**Problem to solve**:
For the entries that follow, restate word for word the line containing "- added R13: 10K, Resistors_SMD:R_0603, B.Cu", the line containing "- added R18: 10K, Resistors_SMD:R_0603, B.Cu", and every line that lies between them.

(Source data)
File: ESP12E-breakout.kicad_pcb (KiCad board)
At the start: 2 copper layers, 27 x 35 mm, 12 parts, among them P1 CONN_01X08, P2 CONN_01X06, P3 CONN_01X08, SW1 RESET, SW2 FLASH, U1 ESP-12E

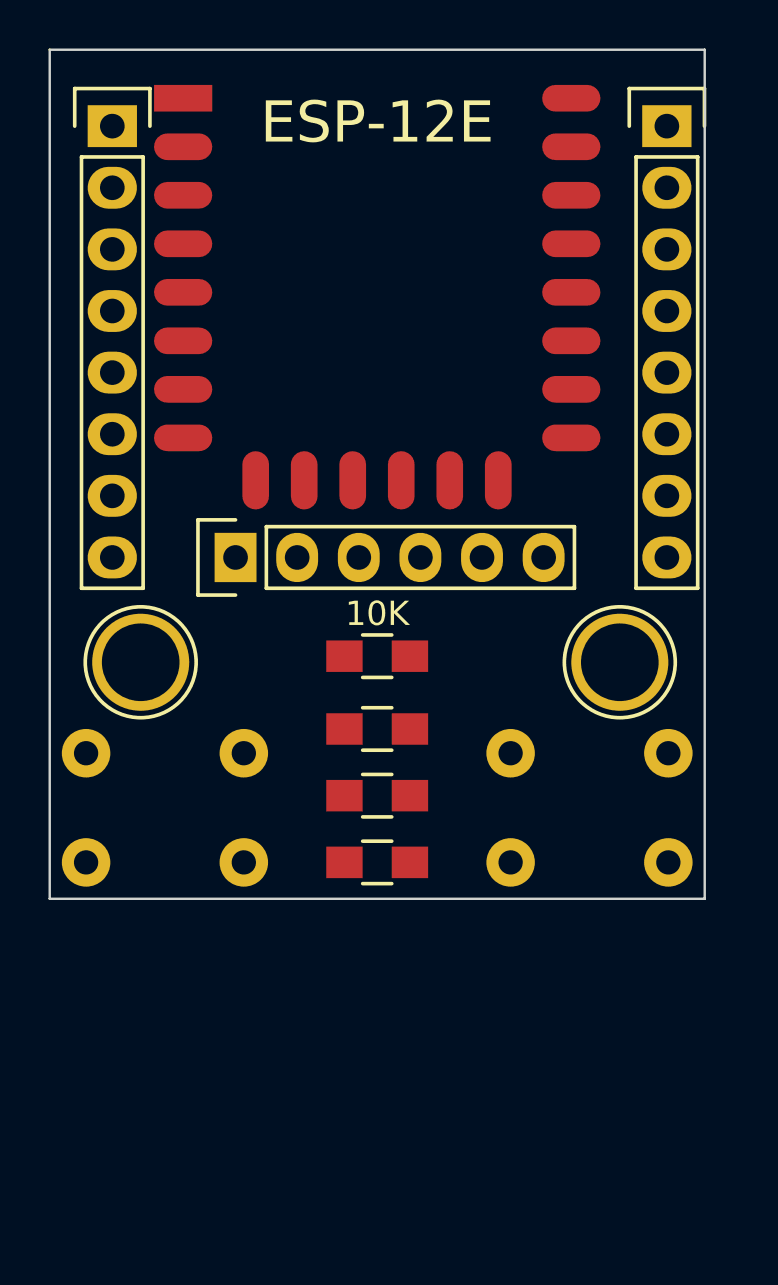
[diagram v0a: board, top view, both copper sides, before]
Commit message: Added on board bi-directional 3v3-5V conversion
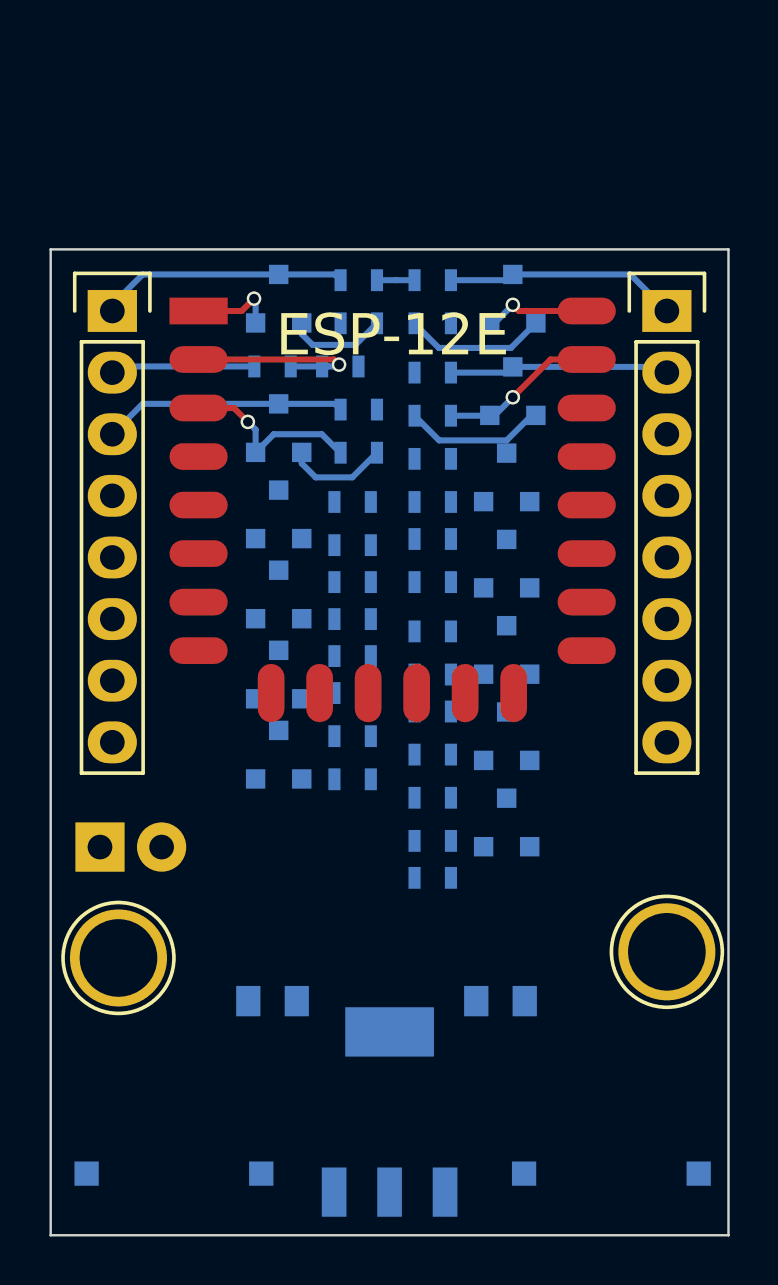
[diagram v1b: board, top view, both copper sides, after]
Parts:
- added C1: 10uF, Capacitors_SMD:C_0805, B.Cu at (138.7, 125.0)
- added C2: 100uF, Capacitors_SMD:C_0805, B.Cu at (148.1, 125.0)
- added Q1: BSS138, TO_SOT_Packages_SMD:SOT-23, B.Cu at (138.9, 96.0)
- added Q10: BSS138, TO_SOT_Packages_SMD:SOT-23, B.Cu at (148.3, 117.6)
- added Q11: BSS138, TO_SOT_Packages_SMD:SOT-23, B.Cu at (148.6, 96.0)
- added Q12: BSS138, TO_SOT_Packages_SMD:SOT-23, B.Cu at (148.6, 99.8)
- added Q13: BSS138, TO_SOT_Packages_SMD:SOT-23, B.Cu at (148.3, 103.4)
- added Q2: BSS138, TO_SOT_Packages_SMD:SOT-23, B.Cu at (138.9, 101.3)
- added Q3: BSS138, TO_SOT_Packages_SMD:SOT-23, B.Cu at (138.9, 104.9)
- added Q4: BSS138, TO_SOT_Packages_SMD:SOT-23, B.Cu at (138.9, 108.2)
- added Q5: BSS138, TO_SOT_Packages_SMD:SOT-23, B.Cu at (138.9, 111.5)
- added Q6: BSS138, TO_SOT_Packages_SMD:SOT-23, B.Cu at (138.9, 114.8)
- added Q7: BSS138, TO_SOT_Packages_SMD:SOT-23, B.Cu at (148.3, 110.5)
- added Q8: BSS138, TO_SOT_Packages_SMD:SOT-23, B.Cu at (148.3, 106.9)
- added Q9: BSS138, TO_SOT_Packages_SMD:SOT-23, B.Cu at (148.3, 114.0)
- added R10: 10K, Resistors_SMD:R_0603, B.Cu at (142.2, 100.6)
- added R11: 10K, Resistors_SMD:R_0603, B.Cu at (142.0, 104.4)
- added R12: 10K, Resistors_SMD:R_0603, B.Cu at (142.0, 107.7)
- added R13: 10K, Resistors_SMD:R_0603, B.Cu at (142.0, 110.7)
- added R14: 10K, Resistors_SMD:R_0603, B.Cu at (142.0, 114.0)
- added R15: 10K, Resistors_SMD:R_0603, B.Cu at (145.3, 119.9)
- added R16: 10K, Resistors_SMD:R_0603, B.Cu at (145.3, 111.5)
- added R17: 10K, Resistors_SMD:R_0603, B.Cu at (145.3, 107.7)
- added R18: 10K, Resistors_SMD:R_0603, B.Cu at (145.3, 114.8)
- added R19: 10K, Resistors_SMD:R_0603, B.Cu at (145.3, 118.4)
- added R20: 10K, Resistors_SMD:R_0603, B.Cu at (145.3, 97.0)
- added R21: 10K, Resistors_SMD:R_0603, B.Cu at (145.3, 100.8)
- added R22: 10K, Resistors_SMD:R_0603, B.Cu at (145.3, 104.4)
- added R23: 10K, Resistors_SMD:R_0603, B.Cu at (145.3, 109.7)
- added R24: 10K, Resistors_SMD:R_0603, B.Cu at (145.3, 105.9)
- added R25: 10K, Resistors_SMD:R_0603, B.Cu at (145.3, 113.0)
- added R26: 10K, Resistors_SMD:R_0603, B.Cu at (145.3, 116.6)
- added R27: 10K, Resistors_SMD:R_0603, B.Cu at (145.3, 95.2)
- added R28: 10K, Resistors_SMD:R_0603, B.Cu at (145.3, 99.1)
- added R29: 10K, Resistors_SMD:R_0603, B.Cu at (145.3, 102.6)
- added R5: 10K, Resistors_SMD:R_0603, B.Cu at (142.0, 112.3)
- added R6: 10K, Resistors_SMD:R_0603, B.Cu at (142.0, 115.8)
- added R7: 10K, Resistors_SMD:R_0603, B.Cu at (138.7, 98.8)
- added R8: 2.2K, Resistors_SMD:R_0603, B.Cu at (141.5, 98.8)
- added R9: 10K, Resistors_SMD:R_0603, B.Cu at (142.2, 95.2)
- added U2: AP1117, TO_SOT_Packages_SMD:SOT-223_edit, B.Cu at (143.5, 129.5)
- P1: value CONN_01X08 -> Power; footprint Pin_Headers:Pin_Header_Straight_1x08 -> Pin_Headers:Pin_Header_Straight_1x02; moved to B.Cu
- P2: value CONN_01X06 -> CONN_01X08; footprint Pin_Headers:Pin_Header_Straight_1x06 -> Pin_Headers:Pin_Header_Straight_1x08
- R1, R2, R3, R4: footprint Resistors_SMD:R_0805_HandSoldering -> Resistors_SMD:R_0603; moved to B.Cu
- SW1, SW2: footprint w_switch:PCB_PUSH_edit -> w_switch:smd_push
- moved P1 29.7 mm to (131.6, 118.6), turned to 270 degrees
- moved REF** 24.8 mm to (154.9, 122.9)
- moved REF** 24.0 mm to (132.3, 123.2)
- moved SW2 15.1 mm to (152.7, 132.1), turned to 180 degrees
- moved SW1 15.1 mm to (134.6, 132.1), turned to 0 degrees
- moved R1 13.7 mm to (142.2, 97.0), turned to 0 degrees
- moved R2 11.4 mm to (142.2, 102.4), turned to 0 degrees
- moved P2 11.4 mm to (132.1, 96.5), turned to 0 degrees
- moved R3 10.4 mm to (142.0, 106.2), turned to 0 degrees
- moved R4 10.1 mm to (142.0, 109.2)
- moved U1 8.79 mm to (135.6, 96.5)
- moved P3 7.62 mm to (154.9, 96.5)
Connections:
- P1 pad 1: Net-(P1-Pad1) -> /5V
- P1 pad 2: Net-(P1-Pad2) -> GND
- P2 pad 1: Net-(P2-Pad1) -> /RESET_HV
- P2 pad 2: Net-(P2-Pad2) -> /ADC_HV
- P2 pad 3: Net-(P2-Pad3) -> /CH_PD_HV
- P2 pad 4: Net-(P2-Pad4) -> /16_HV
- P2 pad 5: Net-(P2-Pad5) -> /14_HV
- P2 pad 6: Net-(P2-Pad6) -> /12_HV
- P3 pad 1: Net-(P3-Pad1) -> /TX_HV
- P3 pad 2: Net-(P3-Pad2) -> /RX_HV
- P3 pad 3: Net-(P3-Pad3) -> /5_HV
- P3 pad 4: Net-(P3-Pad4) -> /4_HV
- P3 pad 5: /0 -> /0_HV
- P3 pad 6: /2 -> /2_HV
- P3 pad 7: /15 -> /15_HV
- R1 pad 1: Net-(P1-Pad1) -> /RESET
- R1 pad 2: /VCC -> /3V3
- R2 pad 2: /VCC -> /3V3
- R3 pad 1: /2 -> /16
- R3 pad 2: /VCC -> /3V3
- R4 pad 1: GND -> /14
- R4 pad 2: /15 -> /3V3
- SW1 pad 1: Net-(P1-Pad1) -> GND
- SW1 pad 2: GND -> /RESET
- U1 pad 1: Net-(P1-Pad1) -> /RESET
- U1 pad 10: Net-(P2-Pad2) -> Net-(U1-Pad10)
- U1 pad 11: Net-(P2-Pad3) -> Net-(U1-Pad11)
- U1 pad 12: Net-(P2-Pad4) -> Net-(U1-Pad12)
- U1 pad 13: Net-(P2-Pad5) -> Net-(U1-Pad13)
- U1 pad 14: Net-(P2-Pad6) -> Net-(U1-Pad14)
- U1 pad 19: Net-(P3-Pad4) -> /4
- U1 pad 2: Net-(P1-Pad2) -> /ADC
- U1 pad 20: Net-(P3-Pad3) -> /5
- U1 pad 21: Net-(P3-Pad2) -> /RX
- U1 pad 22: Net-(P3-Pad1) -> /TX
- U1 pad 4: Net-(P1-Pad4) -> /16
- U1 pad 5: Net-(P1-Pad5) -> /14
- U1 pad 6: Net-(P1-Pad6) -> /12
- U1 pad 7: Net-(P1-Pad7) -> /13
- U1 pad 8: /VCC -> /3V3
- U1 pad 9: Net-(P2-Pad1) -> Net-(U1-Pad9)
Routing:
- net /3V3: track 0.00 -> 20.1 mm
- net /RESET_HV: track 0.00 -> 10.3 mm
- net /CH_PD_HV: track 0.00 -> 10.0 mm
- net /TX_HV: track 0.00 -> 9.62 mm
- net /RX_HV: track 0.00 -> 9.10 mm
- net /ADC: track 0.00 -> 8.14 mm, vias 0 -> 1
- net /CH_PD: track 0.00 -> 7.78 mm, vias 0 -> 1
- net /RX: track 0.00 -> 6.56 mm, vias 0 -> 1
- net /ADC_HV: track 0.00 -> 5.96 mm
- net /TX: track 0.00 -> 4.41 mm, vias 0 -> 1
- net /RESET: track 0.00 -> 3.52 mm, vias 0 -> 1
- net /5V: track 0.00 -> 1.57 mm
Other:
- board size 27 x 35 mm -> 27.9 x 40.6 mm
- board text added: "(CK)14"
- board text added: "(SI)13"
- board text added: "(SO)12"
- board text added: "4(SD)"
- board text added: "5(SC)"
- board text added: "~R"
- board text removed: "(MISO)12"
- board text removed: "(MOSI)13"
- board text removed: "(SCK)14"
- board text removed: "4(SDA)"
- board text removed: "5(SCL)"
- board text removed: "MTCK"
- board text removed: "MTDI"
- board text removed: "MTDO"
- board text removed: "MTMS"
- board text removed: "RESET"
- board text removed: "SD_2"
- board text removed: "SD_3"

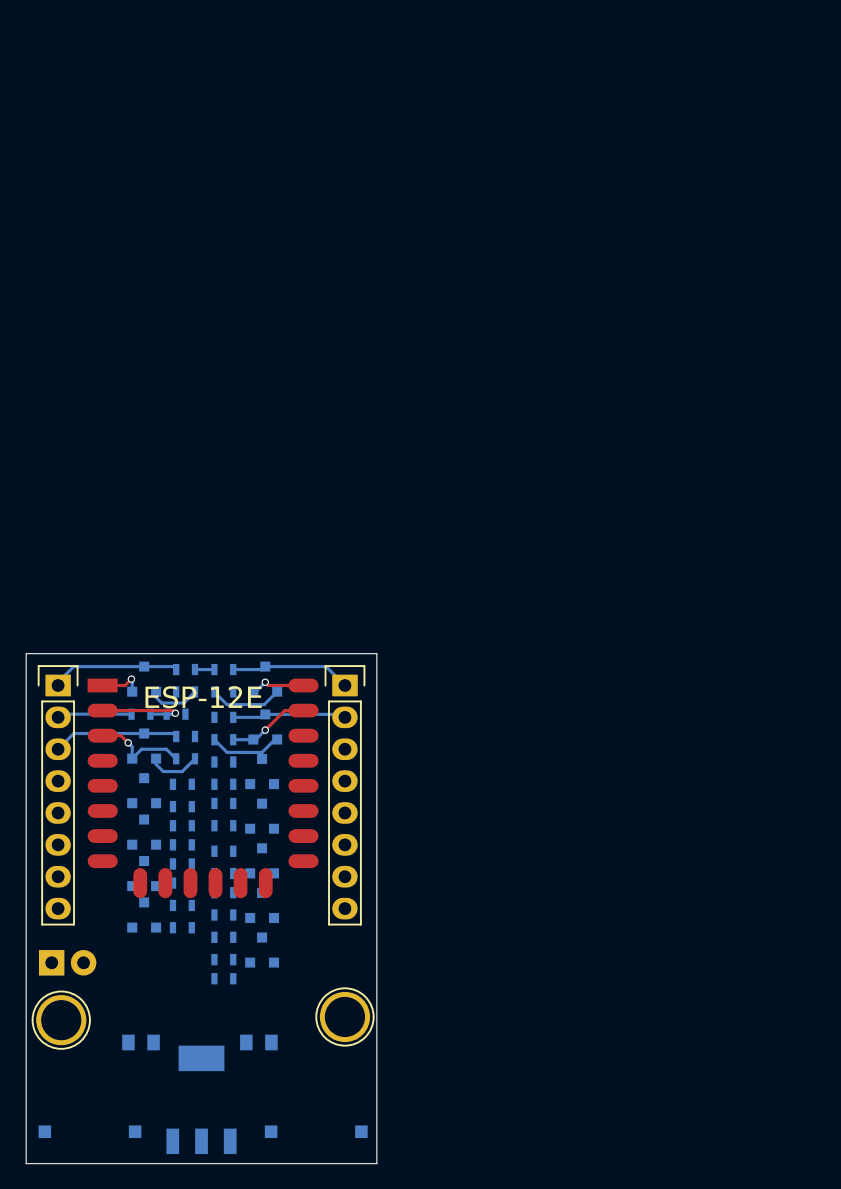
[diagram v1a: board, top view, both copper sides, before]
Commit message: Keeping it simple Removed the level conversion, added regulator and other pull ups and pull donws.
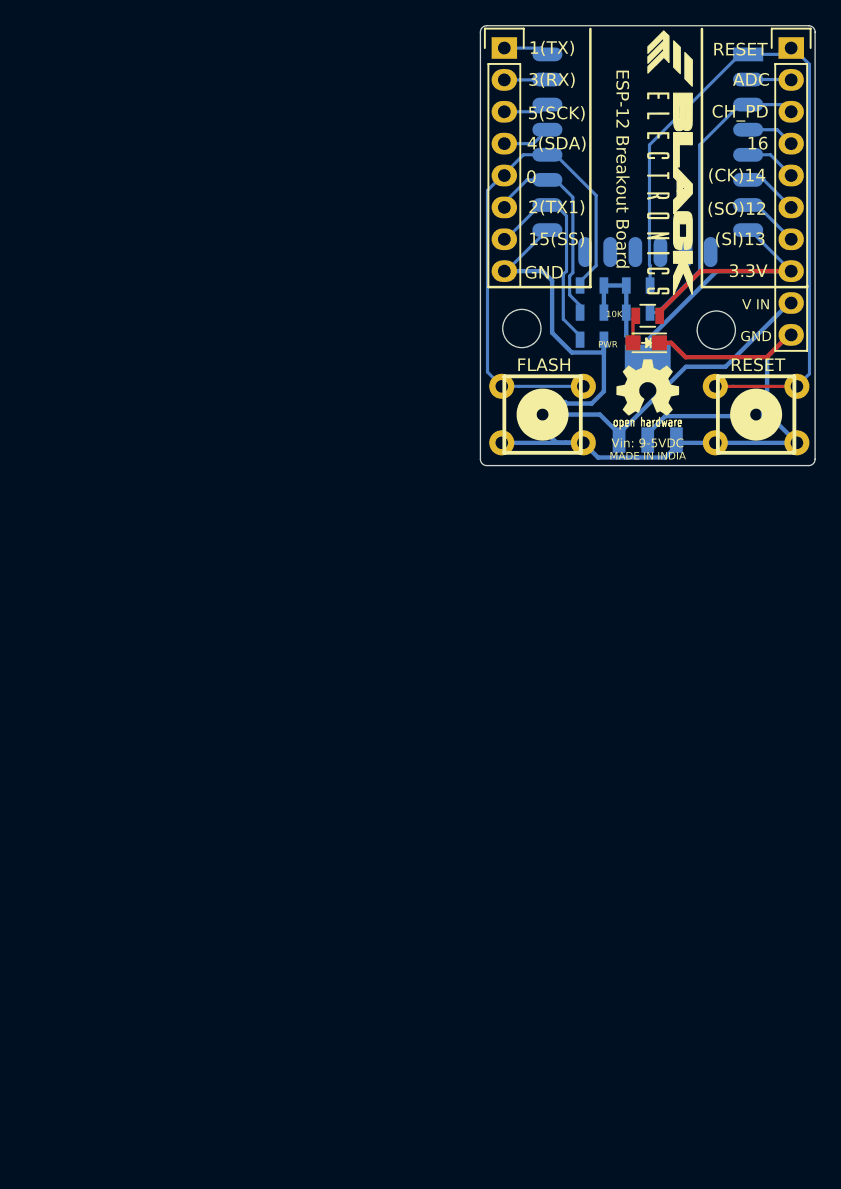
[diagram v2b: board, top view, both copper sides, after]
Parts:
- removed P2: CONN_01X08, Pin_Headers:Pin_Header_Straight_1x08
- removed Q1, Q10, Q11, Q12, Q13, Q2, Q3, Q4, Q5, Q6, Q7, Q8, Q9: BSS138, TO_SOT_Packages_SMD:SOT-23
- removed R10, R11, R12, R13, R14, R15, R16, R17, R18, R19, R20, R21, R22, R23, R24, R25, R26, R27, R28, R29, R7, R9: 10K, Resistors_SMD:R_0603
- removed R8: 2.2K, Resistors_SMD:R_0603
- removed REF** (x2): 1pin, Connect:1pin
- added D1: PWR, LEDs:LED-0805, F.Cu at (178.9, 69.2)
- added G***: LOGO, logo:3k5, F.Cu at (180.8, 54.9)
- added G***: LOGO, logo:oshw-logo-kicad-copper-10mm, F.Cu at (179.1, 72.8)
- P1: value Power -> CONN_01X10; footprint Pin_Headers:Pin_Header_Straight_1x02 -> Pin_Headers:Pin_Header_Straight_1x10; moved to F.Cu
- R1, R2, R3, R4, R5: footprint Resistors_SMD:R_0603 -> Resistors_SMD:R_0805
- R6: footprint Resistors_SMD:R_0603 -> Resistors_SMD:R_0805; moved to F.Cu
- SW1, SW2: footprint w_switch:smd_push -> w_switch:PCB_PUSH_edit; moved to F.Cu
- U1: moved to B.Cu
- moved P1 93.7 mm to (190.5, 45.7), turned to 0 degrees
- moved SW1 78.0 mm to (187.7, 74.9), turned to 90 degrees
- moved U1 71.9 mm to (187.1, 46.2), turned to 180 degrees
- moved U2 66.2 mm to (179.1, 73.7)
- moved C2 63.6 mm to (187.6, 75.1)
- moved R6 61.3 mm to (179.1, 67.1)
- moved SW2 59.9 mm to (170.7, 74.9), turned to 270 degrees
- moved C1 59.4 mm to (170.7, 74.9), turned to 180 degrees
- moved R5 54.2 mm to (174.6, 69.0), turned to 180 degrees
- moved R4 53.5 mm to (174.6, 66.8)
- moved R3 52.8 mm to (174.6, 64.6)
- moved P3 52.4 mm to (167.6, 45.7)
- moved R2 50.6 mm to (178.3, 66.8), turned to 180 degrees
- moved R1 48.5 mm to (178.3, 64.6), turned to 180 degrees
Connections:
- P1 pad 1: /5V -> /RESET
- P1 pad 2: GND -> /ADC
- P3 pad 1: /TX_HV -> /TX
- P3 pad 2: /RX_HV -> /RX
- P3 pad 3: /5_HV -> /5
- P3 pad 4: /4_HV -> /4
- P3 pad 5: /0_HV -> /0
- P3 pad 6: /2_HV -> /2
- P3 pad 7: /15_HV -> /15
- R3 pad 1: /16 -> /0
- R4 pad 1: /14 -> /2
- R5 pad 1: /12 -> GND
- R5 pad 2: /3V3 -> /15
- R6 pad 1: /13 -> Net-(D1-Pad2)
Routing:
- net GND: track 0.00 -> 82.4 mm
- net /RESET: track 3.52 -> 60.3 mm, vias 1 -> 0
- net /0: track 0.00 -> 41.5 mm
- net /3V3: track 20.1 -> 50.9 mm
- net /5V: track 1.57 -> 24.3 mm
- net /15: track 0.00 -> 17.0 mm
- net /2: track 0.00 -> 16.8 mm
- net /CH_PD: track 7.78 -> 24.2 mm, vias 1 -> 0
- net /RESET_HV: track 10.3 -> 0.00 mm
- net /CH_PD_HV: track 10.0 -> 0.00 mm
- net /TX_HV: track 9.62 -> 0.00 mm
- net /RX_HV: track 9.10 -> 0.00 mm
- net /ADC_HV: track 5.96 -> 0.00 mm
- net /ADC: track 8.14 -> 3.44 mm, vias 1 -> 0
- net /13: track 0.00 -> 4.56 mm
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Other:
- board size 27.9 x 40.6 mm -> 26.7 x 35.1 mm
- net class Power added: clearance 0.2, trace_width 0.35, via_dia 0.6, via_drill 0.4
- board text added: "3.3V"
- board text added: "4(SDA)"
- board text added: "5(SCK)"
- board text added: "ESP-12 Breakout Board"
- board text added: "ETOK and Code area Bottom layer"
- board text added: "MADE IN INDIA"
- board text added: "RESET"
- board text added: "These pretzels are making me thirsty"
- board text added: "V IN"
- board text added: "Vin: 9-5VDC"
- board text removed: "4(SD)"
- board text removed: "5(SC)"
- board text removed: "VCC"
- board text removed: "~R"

**Written response**:
- added R13: 10K, Resistors_SMD:R_0603, B.Cu at (142.0, 110.7)
- added R14: 10K, Resistors_SMD:R_0603, B.Cu at (142.0, 114.0)
- added R15: 10K, Resistors_SMD:R_0603, B.Cu at (145.3, 119.9)
- added R16: 10K, Resistors_SMD:R_0603, B.Cu at (145.3, 111.5)
- added R17: 10K, Resistors_SMD:R_0603, B.Cu at (145.3, 107.7)
- added R18: 10K, Resistors_SMD:R_0603, B.Cu at (145.3, 114.8)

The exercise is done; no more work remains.